The task: Among the entries beneath this sentence, how many lines include the word "cross"? Only the number is wanted.

Available records:
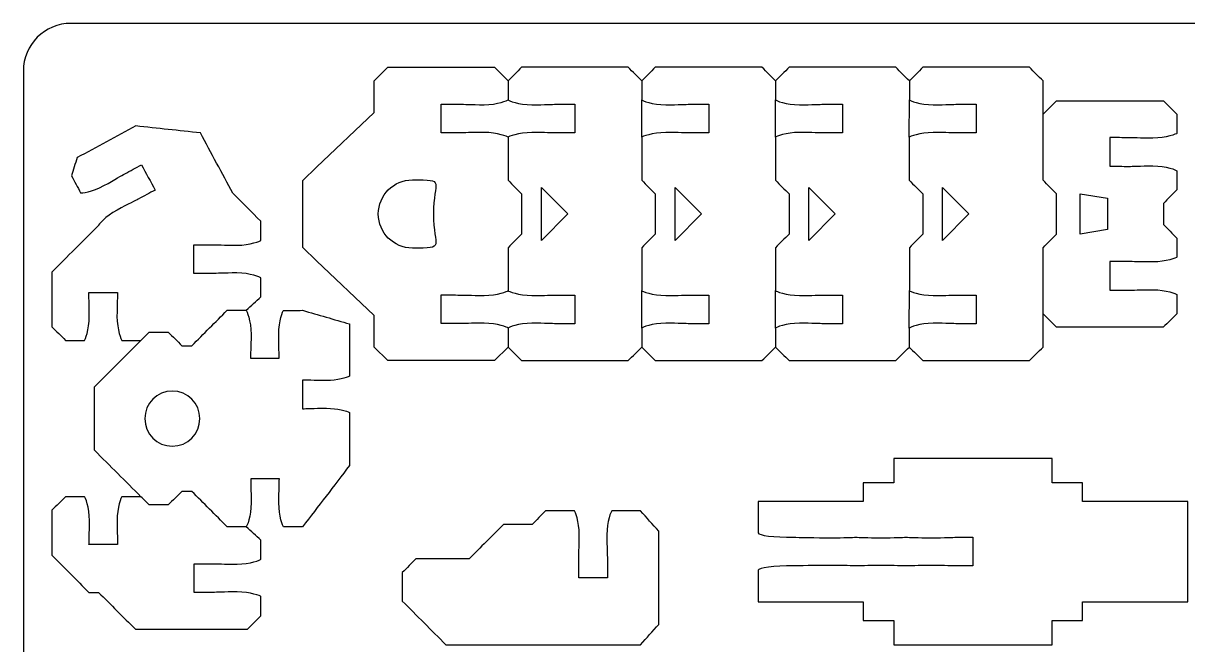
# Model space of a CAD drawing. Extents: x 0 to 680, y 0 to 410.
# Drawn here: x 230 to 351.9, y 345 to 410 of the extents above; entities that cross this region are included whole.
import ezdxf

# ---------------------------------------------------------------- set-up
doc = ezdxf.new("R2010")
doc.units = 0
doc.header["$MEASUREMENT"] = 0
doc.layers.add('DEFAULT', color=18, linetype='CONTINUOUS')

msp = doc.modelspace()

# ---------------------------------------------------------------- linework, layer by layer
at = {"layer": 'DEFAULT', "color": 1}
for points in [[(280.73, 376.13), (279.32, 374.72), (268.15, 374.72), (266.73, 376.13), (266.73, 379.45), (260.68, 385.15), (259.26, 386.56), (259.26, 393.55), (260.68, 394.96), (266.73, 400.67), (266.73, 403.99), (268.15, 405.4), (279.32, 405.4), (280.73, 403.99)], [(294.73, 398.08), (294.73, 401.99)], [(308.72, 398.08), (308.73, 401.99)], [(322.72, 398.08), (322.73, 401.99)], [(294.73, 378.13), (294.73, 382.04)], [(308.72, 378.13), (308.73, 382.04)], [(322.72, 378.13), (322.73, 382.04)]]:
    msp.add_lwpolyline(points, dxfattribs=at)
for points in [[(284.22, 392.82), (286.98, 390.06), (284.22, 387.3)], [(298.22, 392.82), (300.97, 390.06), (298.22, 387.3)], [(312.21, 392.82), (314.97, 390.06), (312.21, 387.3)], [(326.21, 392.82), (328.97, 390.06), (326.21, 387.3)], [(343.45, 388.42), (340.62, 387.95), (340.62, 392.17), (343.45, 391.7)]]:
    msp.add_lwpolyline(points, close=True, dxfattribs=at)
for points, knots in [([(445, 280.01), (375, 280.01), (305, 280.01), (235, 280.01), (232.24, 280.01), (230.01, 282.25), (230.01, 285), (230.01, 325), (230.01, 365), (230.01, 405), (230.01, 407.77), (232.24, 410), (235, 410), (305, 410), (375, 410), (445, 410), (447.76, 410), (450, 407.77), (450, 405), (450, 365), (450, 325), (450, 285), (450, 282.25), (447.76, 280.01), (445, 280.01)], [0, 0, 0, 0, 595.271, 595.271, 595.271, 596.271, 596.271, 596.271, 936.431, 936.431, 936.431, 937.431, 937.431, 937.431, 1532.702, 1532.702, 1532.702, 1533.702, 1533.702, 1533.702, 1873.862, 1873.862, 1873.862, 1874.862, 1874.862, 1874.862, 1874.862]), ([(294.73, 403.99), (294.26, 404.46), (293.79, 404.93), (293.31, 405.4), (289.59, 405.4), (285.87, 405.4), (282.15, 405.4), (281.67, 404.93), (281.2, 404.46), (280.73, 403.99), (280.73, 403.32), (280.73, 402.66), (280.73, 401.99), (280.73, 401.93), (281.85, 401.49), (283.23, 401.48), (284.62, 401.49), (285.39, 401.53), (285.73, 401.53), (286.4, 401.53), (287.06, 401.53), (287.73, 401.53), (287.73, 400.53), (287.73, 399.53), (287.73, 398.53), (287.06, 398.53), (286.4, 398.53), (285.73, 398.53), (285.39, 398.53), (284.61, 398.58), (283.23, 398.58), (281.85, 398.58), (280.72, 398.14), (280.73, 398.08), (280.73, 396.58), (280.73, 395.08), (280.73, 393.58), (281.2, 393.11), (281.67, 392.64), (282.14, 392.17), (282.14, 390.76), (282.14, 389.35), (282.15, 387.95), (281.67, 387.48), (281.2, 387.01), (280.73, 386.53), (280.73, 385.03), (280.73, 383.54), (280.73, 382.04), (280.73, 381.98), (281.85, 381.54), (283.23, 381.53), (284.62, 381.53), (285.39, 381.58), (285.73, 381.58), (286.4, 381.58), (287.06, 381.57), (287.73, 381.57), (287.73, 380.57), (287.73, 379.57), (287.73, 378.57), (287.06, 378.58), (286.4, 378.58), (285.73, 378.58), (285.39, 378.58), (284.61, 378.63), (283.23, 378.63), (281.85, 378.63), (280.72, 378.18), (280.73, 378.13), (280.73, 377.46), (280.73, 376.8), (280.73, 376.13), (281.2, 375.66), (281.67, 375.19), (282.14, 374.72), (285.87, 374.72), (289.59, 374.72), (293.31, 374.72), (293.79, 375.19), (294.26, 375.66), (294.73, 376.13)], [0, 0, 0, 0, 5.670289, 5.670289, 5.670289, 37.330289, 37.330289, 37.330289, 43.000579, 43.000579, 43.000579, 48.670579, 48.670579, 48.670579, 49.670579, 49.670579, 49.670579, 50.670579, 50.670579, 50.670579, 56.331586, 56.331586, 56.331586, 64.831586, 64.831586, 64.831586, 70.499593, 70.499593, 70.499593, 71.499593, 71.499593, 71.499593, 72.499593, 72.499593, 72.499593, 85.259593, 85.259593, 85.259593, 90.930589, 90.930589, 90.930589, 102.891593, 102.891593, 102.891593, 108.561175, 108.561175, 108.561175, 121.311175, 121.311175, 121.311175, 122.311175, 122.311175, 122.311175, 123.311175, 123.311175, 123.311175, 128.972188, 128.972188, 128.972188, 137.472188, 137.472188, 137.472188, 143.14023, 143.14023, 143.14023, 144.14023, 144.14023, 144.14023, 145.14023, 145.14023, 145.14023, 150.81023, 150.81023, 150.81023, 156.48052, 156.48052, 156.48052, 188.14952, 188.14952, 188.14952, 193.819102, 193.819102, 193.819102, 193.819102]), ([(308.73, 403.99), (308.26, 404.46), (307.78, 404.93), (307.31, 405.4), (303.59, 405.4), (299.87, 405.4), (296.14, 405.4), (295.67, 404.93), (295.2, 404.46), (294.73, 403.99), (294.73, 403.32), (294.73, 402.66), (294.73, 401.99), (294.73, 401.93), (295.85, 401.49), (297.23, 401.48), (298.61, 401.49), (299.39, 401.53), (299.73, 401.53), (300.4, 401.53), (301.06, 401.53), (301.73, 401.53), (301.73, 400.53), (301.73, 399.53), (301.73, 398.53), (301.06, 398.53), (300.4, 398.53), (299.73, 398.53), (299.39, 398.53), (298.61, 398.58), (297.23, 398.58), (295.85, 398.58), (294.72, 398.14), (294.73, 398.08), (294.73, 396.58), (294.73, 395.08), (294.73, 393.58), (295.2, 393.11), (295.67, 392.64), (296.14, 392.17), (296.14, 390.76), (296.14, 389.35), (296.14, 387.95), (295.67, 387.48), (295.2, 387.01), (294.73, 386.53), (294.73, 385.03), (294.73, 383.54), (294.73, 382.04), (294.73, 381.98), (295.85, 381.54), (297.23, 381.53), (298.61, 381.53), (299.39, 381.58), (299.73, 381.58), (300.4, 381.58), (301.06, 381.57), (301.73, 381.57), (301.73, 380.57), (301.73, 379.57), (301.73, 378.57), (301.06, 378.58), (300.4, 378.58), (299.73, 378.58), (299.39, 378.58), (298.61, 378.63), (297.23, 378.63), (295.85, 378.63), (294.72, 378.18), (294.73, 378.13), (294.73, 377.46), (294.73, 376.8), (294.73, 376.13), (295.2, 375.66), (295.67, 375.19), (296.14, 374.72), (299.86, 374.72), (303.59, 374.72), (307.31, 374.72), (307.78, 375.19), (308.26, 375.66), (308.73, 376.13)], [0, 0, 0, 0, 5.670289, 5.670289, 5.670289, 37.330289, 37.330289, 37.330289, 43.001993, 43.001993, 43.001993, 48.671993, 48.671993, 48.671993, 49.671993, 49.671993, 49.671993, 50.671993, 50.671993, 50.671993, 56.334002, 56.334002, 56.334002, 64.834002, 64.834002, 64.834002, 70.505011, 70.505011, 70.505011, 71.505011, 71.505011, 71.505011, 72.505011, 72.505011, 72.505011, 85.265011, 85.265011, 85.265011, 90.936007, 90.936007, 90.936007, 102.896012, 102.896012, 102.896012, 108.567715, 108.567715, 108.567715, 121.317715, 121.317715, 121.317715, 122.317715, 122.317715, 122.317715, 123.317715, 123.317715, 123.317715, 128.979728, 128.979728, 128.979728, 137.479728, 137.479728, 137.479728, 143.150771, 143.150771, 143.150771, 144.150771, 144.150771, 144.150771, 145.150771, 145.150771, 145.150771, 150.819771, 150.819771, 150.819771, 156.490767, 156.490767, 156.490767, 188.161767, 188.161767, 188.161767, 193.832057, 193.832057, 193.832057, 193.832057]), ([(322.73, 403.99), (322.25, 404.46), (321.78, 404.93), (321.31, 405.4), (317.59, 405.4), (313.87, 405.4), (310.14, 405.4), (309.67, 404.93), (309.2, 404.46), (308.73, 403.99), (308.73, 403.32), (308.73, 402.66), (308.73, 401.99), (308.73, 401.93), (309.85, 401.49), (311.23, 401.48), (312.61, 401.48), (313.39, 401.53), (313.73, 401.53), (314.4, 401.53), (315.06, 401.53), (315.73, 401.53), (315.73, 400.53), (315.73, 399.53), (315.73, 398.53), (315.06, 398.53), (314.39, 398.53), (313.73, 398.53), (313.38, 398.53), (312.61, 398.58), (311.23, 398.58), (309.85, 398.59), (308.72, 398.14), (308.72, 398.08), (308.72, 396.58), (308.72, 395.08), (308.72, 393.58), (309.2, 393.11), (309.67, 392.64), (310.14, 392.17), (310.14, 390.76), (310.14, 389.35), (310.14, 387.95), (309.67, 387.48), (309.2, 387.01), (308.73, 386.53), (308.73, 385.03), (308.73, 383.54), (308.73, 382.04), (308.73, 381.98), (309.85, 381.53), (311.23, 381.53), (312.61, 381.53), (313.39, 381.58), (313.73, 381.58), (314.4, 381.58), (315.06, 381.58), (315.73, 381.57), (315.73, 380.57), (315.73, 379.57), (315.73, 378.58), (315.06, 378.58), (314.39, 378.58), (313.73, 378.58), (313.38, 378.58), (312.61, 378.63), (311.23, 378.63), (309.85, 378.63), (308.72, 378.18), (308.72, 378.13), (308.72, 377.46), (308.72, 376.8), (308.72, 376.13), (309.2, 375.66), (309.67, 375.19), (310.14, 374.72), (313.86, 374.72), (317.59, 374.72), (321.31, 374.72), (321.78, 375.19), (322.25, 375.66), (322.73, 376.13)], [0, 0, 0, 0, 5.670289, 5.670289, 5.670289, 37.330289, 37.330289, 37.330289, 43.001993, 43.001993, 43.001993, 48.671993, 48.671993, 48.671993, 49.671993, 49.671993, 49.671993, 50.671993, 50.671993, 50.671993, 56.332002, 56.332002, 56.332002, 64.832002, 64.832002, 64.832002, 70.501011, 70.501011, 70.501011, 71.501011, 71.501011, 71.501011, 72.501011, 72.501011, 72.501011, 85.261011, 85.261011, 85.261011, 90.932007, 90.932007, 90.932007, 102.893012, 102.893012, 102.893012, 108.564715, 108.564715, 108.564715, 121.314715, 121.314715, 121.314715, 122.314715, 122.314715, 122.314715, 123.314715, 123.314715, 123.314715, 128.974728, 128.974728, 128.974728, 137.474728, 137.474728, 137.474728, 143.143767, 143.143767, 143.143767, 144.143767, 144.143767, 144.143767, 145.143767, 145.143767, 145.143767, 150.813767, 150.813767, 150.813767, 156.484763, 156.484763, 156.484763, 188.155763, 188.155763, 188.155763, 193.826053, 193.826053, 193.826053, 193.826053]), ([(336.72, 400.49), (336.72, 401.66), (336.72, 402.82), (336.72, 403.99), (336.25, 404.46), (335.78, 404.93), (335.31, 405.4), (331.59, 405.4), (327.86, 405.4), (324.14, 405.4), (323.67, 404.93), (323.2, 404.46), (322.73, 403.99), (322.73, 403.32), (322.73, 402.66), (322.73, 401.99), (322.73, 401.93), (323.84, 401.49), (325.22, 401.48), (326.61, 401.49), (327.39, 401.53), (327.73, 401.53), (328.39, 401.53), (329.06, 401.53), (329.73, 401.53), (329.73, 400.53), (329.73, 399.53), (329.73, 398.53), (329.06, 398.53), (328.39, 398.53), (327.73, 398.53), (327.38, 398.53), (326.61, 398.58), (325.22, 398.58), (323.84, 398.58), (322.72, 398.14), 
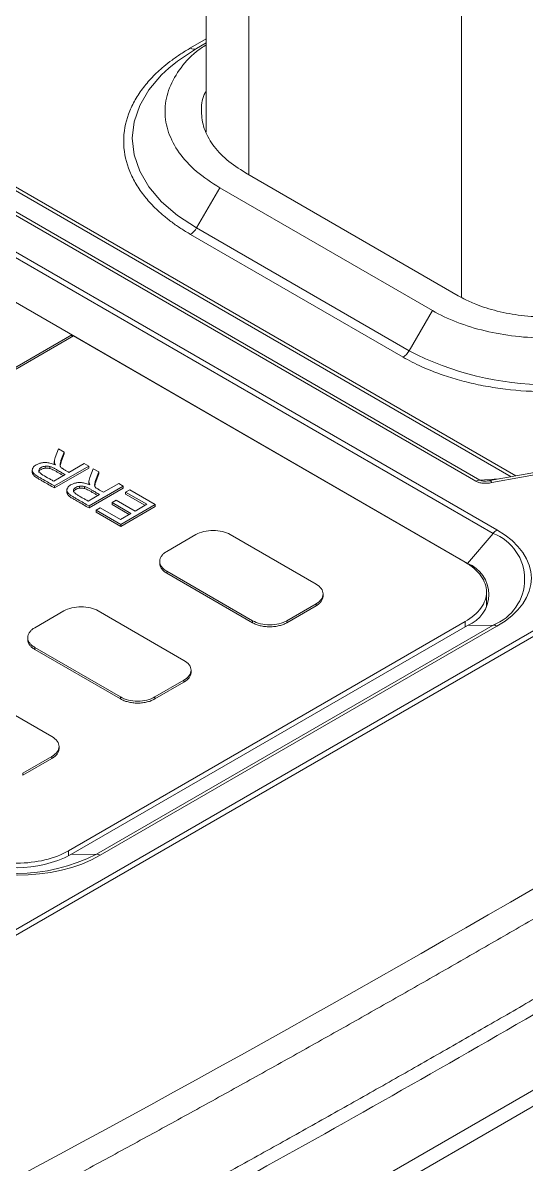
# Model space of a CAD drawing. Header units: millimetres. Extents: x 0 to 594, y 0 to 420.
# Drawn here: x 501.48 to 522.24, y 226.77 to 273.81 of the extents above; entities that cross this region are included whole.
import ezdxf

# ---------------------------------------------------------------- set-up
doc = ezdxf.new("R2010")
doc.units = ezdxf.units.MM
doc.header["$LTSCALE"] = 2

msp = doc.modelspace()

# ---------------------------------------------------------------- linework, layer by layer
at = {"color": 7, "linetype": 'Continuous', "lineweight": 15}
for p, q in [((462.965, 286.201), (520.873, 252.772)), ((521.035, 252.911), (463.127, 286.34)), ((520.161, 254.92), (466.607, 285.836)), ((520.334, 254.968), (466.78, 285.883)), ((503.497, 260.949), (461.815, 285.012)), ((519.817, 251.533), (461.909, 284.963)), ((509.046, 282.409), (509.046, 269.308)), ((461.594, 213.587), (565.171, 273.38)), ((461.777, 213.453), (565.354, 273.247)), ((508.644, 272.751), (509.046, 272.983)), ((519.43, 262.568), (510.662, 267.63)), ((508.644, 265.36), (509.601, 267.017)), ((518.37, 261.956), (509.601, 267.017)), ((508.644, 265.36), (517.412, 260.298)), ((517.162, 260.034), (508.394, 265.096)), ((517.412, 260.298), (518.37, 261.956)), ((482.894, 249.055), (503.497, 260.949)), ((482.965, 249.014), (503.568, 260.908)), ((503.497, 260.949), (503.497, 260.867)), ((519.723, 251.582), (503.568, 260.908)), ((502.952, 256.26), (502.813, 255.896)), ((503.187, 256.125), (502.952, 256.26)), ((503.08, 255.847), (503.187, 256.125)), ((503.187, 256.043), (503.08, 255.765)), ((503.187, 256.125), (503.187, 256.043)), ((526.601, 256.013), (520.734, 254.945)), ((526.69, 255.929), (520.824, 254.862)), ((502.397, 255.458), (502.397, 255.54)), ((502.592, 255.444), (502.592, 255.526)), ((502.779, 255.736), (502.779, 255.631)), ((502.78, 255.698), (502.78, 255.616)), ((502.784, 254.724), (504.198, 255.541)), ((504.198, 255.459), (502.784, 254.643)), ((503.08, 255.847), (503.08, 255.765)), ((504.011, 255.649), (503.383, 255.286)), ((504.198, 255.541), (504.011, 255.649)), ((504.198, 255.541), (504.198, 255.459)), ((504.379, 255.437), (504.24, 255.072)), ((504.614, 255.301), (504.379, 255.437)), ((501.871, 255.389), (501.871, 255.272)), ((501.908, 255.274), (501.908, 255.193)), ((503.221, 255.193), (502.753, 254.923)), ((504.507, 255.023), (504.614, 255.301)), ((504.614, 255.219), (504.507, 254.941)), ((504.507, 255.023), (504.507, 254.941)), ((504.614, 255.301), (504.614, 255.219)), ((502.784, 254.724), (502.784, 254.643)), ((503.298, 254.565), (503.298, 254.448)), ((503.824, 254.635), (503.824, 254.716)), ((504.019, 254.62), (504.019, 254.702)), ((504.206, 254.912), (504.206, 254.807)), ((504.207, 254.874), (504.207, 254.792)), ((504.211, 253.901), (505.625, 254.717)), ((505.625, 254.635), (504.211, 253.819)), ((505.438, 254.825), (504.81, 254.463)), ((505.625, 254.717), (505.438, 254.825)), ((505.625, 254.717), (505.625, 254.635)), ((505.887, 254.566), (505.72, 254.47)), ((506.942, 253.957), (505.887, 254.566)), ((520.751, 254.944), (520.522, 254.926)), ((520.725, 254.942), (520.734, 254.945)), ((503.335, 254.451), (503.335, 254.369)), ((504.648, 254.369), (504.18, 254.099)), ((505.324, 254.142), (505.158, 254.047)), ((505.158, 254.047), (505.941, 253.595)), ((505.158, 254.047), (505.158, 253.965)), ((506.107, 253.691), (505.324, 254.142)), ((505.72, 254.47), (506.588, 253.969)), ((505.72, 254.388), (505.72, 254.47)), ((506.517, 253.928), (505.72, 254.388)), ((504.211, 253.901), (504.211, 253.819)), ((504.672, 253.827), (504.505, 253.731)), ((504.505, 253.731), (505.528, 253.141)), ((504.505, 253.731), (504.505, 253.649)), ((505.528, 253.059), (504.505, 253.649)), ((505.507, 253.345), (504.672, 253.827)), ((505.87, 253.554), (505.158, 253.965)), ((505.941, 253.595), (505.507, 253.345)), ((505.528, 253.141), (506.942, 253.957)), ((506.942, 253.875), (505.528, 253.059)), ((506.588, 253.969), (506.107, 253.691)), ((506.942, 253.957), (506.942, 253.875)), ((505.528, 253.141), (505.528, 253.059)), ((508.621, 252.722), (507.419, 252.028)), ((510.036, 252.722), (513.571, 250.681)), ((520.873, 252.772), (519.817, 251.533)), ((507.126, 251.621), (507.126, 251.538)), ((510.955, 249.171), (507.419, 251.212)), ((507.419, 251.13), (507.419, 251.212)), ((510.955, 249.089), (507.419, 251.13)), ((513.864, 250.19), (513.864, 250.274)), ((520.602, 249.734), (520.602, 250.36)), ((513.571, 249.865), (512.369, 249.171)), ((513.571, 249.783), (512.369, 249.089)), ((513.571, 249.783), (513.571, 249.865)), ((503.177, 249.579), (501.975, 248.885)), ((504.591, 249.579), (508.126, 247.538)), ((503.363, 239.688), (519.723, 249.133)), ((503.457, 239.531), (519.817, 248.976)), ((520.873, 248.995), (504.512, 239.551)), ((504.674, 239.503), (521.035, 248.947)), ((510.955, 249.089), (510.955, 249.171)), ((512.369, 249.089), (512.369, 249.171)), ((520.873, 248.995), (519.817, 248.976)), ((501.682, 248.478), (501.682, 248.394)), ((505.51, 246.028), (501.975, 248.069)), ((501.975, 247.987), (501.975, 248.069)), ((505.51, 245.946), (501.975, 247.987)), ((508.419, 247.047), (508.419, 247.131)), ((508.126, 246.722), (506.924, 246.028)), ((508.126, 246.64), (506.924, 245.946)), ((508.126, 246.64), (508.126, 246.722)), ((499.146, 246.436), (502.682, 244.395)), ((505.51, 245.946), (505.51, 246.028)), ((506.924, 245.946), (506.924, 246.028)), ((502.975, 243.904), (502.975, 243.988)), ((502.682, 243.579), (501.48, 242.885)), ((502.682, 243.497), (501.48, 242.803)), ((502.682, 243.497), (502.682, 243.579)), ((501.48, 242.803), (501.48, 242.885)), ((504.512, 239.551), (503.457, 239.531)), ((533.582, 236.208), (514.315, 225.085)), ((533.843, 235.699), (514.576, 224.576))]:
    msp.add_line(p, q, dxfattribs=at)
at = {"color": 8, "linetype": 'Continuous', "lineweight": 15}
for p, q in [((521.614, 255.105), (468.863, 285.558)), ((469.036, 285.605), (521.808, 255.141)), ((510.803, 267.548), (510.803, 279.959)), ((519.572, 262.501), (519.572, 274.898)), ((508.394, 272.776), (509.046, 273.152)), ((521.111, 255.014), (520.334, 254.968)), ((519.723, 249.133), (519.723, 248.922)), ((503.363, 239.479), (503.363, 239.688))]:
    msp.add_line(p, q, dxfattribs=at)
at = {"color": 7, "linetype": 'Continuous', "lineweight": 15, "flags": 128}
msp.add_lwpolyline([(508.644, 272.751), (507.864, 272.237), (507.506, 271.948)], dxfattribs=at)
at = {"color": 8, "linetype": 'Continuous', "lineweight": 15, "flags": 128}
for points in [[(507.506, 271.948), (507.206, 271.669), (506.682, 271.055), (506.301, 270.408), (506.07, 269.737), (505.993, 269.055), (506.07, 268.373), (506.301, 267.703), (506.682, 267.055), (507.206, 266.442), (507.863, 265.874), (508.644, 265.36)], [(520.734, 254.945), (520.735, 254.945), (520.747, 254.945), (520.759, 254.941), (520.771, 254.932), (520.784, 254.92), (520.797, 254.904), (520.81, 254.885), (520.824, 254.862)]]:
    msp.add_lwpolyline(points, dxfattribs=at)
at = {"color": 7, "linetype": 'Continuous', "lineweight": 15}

Solution below: 2